▶ What you have to do
First find the line with "#11,#12)) REPRESENTATION_CONTEXT('',''));" in the entries below, then set down exactly every line through the line with "#46=CARTESIAN_POINT('',(13.335,19.05,0.));", that line included.

(Records contained in a dataset)
___

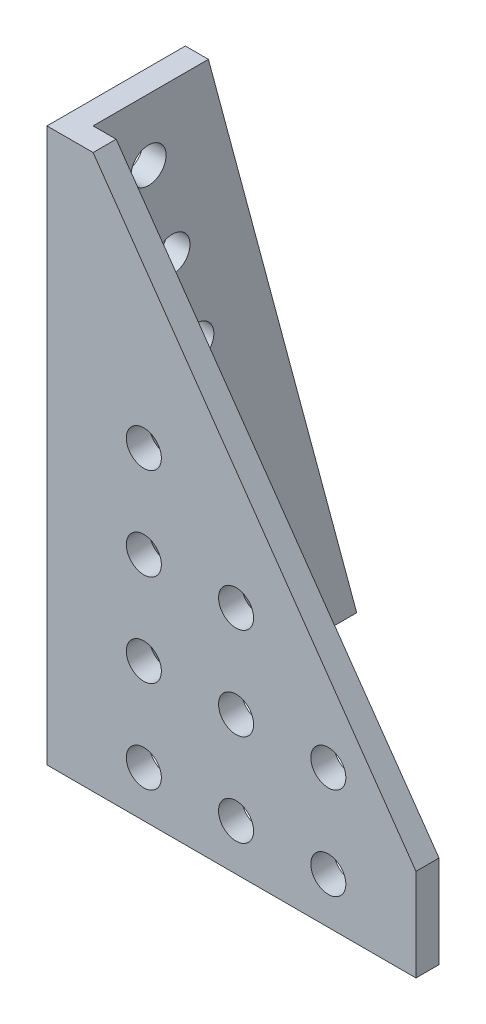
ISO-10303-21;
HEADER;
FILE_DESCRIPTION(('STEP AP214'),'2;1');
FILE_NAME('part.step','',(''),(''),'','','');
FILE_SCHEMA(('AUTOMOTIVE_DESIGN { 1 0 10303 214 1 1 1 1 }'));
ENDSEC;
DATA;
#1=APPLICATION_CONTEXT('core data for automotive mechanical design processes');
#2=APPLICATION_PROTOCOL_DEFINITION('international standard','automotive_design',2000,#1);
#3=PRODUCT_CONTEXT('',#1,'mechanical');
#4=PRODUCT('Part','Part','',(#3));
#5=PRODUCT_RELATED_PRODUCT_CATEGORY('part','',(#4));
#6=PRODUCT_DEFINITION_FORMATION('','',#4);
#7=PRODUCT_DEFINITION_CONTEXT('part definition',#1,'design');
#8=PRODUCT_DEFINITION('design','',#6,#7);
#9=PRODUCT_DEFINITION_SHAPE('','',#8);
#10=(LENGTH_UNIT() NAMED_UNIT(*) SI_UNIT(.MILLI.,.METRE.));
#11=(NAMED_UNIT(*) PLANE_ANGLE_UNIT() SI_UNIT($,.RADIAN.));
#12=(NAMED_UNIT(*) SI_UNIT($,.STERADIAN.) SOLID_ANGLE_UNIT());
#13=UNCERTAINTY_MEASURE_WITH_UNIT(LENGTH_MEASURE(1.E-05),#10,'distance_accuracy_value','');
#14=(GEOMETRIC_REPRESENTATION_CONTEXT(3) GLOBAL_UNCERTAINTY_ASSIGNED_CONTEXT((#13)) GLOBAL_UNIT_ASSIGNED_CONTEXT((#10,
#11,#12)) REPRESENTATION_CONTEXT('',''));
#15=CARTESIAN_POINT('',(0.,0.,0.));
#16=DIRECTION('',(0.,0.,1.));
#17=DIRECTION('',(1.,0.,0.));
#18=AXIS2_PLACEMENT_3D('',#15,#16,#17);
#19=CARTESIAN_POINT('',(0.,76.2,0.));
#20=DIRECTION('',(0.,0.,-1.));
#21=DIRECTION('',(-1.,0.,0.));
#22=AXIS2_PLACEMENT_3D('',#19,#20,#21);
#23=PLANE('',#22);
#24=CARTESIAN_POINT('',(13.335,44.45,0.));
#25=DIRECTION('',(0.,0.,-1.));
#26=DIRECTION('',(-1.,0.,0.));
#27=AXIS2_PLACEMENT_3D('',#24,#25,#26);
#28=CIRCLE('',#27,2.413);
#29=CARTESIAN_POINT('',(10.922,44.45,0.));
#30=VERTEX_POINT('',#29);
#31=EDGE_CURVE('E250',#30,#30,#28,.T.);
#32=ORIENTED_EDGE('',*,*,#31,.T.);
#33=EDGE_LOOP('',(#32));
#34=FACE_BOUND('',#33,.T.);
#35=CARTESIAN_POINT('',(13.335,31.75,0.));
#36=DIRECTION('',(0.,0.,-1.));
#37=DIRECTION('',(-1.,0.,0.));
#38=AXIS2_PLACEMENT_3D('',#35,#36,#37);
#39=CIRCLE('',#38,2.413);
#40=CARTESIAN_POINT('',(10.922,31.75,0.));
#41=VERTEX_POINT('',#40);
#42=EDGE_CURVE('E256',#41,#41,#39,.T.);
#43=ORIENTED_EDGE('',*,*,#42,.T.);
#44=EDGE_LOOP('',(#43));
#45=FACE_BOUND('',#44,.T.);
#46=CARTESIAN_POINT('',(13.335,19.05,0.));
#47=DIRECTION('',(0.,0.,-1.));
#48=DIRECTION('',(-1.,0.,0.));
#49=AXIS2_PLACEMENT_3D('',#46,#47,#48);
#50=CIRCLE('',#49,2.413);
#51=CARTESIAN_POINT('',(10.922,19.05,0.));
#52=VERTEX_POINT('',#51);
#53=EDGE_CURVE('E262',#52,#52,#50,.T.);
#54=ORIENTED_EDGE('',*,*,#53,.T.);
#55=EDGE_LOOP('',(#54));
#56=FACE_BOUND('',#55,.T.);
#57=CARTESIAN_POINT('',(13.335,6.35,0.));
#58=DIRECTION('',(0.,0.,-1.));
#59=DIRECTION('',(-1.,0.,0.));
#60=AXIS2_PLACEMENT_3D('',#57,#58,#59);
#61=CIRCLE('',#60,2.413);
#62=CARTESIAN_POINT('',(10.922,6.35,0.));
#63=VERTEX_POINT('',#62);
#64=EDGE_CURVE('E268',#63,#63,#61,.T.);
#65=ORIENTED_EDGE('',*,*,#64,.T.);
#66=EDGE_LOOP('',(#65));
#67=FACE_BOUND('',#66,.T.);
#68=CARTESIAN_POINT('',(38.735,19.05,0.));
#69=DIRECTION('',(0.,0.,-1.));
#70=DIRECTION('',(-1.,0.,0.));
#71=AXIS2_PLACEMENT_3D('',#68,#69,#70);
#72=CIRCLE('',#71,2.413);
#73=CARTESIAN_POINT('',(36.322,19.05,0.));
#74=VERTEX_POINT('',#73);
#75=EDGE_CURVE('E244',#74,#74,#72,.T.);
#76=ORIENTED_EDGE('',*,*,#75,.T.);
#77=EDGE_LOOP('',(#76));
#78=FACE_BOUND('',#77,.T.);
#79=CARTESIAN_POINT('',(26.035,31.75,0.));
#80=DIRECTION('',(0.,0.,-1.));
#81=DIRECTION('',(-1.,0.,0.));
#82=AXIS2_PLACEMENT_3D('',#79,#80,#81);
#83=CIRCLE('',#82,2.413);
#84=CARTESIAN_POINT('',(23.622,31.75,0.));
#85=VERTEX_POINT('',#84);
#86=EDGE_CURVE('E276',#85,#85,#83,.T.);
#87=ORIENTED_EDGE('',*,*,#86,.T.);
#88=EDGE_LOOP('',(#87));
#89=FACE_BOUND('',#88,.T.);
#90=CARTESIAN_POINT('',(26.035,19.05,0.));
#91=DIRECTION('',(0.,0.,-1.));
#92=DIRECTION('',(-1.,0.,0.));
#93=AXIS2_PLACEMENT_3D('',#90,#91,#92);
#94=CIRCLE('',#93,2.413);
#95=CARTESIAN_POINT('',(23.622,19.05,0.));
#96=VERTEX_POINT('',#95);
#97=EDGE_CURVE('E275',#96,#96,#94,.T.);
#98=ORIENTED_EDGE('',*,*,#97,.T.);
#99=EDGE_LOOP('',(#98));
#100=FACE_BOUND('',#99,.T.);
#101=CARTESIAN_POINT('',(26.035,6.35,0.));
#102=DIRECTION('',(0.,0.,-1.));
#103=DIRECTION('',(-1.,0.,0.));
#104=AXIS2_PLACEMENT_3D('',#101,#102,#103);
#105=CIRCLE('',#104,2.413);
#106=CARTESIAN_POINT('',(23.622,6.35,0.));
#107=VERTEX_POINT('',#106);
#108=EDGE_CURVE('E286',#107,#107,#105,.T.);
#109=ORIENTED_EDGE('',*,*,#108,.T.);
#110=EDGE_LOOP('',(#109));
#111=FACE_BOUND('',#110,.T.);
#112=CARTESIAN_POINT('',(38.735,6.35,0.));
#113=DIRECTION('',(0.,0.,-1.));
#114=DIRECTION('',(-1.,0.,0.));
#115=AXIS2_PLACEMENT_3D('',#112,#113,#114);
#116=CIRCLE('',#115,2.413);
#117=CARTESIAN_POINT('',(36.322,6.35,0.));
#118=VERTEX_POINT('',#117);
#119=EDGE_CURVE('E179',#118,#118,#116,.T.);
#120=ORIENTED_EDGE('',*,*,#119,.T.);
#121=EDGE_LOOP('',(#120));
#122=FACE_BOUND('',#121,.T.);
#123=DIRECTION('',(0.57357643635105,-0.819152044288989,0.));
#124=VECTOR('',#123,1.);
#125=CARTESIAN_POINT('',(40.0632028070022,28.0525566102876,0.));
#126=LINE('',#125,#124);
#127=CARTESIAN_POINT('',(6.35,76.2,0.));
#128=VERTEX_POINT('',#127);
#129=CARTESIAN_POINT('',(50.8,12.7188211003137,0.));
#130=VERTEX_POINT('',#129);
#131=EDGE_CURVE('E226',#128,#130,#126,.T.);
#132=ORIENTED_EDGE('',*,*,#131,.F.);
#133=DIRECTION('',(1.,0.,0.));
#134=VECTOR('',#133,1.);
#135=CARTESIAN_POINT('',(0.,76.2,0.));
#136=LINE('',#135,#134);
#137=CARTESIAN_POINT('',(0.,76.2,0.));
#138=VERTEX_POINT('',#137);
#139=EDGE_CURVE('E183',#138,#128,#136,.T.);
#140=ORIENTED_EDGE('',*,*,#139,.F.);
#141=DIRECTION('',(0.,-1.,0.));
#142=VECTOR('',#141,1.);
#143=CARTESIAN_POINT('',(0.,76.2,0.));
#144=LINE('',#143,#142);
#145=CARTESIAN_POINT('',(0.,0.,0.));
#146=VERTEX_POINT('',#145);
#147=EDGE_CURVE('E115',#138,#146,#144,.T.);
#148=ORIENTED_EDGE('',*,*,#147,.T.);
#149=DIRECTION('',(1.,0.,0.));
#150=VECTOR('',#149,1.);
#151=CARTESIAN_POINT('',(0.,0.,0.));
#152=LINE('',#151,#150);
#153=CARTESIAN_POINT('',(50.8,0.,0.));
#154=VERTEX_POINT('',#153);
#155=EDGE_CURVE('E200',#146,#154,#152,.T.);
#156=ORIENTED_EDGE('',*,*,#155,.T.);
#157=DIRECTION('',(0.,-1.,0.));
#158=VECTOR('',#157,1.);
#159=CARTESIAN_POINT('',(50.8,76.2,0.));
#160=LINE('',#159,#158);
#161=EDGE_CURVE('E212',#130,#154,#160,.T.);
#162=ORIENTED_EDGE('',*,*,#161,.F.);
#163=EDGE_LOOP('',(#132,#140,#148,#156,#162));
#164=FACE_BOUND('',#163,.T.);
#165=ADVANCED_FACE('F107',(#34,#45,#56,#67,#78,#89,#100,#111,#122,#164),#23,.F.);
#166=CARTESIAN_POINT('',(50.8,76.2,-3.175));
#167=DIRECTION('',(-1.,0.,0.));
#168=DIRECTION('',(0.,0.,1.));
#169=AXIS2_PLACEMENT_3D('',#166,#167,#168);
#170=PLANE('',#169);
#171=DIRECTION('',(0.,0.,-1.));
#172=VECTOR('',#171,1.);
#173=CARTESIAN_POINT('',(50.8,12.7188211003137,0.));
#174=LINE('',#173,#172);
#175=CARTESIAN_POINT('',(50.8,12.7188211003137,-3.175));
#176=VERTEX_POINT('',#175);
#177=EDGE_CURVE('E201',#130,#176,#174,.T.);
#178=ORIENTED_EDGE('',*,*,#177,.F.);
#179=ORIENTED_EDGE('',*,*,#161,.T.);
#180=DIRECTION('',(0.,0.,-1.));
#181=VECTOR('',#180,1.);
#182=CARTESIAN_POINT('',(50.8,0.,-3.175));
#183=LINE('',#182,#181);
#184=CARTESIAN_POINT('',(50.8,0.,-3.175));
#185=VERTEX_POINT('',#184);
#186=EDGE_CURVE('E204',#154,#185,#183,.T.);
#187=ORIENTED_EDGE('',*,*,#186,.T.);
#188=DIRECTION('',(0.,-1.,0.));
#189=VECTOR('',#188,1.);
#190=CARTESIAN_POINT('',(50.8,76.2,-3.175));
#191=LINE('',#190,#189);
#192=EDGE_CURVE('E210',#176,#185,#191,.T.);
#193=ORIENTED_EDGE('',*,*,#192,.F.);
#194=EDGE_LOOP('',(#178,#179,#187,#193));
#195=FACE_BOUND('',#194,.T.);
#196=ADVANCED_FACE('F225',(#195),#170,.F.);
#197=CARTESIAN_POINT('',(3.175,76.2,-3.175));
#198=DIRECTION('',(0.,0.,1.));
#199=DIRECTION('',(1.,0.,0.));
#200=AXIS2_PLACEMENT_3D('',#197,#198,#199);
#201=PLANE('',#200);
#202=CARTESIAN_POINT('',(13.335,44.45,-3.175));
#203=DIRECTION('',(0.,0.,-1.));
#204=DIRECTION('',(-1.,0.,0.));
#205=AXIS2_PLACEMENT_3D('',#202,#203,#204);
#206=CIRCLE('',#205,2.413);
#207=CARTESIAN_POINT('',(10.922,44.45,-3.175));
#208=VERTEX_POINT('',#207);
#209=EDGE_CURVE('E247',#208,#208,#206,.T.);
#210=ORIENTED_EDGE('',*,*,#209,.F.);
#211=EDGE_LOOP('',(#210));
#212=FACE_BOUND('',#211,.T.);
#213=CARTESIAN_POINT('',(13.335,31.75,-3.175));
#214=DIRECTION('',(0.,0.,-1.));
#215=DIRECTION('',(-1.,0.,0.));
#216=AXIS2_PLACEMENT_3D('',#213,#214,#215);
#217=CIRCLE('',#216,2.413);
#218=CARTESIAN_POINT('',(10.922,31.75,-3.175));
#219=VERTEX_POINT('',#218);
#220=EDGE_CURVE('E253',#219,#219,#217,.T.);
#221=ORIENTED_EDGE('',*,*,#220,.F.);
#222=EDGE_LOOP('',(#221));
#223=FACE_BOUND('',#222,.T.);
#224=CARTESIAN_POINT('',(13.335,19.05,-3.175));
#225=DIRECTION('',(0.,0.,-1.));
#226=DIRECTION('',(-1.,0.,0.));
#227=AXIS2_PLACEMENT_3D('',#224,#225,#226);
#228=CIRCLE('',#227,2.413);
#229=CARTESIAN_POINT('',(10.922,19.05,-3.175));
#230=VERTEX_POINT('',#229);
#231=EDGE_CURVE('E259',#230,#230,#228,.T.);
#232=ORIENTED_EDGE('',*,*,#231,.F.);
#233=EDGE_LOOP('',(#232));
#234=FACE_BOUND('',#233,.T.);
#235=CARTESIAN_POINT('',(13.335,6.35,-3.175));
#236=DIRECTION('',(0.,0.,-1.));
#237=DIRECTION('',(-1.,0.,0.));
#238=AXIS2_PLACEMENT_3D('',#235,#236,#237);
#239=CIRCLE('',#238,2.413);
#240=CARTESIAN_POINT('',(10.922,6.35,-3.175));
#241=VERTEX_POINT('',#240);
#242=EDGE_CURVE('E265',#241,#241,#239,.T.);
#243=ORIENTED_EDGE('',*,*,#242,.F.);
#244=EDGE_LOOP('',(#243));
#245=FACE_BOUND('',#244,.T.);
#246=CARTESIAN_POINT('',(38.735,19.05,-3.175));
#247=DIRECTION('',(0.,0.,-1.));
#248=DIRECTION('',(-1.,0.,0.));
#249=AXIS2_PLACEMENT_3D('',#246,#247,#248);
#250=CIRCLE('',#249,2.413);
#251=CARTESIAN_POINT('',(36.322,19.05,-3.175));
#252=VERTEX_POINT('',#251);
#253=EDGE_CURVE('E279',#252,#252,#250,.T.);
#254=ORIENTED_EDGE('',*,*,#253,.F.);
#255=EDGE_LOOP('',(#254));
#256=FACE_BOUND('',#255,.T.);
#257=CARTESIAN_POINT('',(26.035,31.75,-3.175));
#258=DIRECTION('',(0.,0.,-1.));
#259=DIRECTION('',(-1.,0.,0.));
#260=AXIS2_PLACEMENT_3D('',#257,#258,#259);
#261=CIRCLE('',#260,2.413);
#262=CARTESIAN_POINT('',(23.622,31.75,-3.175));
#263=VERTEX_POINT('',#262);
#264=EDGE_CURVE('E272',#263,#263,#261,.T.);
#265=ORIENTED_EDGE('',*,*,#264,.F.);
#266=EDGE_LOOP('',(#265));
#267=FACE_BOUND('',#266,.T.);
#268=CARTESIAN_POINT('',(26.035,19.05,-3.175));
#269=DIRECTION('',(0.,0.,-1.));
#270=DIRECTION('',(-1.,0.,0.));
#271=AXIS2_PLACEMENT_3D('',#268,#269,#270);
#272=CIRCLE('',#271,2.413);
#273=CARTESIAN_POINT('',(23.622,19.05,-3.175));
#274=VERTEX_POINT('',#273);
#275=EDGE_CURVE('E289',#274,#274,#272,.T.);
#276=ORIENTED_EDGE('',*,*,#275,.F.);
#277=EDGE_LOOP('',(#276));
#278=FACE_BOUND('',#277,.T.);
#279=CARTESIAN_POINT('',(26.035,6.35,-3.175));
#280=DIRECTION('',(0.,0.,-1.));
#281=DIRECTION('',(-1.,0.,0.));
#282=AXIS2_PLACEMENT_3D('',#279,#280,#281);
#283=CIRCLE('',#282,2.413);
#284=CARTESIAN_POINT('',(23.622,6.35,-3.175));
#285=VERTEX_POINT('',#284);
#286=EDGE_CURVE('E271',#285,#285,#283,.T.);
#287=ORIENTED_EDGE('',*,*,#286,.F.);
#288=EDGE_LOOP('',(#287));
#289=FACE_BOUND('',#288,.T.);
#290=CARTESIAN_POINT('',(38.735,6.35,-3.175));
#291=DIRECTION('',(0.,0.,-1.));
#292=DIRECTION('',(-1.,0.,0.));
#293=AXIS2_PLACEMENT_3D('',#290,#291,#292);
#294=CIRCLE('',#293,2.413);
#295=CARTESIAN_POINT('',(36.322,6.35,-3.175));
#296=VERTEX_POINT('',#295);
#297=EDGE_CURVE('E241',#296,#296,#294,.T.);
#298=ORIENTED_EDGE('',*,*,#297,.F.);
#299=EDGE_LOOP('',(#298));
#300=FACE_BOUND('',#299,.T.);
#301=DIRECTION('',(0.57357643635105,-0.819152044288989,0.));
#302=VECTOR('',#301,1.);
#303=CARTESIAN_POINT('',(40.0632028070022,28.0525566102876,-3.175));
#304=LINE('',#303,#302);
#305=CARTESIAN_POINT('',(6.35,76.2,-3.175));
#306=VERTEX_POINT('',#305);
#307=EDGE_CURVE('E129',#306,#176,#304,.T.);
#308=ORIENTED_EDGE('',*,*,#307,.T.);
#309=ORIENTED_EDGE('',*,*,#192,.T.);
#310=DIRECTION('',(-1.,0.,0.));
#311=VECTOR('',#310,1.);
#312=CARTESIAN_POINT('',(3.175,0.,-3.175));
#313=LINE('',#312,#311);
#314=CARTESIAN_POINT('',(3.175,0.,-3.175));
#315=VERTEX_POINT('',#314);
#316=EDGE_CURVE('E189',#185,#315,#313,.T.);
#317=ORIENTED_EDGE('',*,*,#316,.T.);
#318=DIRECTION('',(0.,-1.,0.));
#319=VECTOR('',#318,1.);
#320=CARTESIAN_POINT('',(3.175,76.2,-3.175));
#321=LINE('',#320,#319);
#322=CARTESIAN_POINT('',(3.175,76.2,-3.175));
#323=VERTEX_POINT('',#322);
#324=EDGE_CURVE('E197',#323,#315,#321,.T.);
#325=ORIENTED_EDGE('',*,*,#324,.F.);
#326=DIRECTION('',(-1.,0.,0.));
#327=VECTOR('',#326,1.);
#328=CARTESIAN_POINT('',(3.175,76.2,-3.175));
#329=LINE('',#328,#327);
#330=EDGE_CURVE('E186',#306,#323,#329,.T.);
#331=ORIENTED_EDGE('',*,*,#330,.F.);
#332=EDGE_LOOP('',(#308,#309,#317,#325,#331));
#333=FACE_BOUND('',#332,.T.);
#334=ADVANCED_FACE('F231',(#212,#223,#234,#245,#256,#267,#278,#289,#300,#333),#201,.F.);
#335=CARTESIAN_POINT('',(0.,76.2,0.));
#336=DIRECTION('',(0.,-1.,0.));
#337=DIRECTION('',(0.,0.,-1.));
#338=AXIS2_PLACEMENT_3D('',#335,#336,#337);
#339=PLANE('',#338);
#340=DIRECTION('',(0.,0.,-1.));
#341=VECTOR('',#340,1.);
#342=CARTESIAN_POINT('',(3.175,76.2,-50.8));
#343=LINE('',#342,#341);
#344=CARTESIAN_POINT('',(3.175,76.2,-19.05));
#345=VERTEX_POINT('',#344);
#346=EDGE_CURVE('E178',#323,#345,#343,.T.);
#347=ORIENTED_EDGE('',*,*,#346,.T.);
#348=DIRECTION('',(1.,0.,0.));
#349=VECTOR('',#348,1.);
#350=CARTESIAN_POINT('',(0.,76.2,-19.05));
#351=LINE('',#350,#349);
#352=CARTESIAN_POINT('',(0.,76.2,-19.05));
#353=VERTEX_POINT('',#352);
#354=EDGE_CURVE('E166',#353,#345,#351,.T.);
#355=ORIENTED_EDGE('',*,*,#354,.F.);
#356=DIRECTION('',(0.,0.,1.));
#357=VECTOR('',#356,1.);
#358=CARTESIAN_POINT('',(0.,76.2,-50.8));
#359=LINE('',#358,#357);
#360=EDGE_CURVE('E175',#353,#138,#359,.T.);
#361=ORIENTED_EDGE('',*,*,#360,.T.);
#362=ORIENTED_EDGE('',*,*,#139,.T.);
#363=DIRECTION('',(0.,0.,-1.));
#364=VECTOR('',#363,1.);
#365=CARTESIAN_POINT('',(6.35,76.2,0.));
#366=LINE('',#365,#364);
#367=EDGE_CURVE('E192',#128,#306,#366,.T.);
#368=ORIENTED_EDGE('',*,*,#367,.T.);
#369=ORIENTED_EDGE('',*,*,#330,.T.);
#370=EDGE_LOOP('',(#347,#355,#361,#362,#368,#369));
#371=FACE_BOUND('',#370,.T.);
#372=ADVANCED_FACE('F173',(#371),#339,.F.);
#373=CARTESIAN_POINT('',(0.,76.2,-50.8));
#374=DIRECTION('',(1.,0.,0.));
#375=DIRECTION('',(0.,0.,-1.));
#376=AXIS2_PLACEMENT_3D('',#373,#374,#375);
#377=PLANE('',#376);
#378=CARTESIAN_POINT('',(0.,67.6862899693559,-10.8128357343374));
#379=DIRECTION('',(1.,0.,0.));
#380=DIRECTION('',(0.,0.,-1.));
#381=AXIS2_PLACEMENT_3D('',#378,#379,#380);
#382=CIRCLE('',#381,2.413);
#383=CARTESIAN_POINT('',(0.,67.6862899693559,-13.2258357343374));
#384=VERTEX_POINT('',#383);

___

▶ Written solution
#11,#12)) REPRESENTATION_CONTEXT('',''));
#15=CARTESIAN_POINT('',(0.,0.,0.));
#16=DIRECTION('',(0.,0.,1.));
#17=DIRECTION('',(1.,0.,0.));
#18=AXIS2_PLACEMENT_3D('',#15,#16,#17);
#19=CARTESIAN_POINT('',(0.,76.2,0.));
#20=DIRECTION('',(0.,0.,-1.));
#21=DIRECTION('',(-1.,0.,0.));
#22=AXIS2_PLACEMENT_3D('',#19,#20,#21);
#23=PLANE('',#22);
#24=CARTESIAN_POINT('',(13.335,44.45,0.));
#25=DIRECTION('',(0.,0.,-1.));
#26=DIRECTION('',(-1.,0.,0.));
#27=AXIS2_PLACEMENT_3D('',#24,#25,#26);
#28=CIRCLE('',#27,2.413);
#29=CARTESIAN_POINT('',(10.922,44.45,0.));
#30=VERTEX_POINT('',#29);
#31=EDGE_CURVE('E250',#30,#30,#28,.T.);
#32=ORIENTED_EDGE('',*,*,#31,.T.);
#33=EDGE_LOOP('',(#32));
#34=FACE_BOUND('',#33,.T.);
#35=CARTESIAN_POINT('',(13.335,31.75,0.));
#36=DIRECTION('',(0.,0.,-1.));
#37=DIRECTION('',(-1.,0.,0.));
#38=AXIS2_PLACEMENT_3D('',#35,#36,#37);
#39=CIRCLE('',#38,2.413);
#40=CARTESIAN_POINT('',(10.922,31.75,0.));
#41=VERTEX_POINT('',#40);
#42=EDGE_CURVE('E256',#41,#41,#39,.T.);
#43=ORIENTED_EDGE('',*,*,#42,.T.);
#44=EDGE_LOOP('',(#43));
#45=FACE_BOUND('',#44,.T.);
#46=CARTESIAN_POINT('',(13.335,19.05,0.));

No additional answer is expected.